Slit-lamp examination, often a helpful diagnostic tool, demonstrates iris thinning or defects, or evidence of previous or current inflammation.

Tonic pupil

Adie tonic pupil responds poorly to light, but briskly and tonically to near stimulation (the pupil takes longer to redilate after this near-induced miosis). This condition constitutes one of the near-light dissociation syndromes. Other near-light dissociation syndromes include the following:

  • Autonomic neuropathies (eg, DM)

  • Severe afferent system damage

  • Aberrant regeneration CN3

  • Parinaud dorsal midbrain syndrome

  • Argyll Robertson pupils

Slit-lamp examination is helpful, often demonstrating iris sector palsy (only a portion of the iris reacts to light), vermiform iris movements (radially oriented iris movements or "purse-stringing"), and providing excellent magnification to observe near-light dissociation. The pupil may be supersensitive to weak (1/8-1/16%) pilocarpine solution, which will not constrict a normal pupil.
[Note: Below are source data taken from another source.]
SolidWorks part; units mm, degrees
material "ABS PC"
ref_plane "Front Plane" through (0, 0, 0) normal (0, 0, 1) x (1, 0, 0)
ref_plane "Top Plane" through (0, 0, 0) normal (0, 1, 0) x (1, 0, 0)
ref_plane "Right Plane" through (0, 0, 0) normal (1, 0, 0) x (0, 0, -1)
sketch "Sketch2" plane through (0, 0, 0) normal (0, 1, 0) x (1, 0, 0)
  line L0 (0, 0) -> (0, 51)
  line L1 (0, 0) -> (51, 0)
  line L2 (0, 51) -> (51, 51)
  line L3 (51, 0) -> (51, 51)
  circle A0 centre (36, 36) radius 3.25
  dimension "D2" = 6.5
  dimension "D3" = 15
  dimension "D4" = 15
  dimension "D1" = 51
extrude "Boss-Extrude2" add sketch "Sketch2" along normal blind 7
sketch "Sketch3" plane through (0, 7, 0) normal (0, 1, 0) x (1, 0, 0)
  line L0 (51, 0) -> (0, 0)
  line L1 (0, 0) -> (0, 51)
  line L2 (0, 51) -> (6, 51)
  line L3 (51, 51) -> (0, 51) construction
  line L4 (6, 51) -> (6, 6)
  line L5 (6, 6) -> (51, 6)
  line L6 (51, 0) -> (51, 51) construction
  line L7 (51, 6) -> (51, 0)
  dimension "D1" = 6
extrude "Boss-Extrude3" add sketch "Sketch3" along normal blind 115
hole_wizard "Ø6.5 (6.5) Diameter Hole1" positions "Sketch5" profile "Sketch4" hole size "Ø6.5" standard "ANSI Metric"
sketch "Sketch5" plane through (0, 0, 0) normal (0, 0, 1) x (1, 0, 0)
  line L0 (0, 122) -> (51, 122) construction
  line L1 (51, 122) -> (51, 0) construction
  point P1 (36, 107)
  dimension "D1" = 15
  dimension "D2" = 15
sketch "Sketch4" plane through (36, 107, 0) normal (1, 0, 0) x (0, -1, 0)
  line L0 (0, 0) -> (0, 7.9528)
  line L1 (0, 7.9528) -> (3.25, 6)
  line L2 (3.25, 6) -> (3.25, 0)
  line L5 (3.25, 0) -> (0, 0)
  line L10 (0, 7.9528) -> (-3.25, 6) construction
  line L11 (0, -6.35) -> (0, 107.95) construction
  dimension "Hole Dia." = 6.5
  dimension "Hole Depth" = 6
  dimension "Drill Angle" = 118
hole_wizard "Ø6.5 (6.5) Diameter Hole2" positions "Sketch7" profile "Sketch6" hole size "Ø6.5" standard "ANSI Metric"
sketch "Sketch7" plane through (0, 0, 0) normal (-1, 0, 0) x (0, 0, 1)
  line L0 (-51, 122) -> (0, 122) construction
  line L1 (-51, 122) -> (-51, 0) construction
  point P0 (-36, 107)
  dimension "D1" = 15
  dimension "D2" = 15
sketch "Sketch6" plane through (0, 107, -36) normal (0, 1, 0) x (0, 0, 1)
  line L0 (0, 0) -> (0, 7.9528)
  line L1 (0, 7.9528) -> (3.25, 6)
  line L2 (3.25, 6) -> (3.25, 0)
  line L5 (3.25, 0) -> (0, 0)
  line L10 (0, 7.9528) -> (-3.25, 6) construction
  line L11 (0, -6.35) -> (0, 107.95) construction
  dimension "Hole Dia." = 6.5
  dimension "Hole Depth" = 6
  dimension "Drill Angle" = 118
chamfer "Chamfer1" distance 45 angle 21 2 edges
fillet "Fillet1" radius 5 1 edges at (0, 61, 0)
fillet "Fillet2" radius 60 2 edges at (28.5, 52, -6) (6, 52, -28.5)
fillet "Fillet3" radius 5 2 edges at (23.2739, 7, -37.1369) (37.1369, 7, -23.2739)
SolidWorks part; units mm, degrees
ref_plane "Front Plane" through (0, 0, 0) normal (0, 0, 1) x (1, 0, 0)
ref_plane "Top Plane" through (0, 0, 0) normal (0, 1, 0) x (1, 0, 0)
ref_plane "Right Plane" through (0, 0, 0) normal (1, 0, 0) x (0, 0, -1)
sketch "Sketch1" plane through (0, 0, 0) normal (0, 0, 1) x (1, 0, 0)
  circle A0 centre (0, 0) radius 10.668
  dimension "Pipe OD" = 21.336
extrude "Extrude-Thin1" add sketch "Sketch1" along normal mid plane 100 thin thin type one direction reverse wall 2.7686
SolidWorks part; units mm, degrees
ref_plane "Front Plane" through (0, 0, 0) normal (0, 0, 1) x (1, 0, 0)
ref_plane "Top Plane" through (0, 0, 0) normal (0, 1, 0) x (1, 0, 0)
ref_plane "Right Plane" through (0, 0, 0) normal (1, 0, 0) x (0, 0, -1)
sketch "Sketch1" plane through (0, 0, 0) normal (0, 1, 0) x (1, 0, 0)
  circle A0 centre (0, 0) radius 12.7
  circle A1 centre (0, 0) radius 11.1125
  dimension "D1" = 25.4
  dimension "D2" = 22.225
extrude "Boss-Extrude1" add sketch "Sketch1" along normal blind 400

Transient anisocoria: This has been documented as an intermittent feature in several conditions. Most often, it reflects a benign condition and may be associated with migraine headache, especially if no other associated features are present, but it can represent transient parasympathetic or sympathetic dysfunction from other causes.

Autoimmune autonomic ganglionopathy is a rare cause of anisocoria.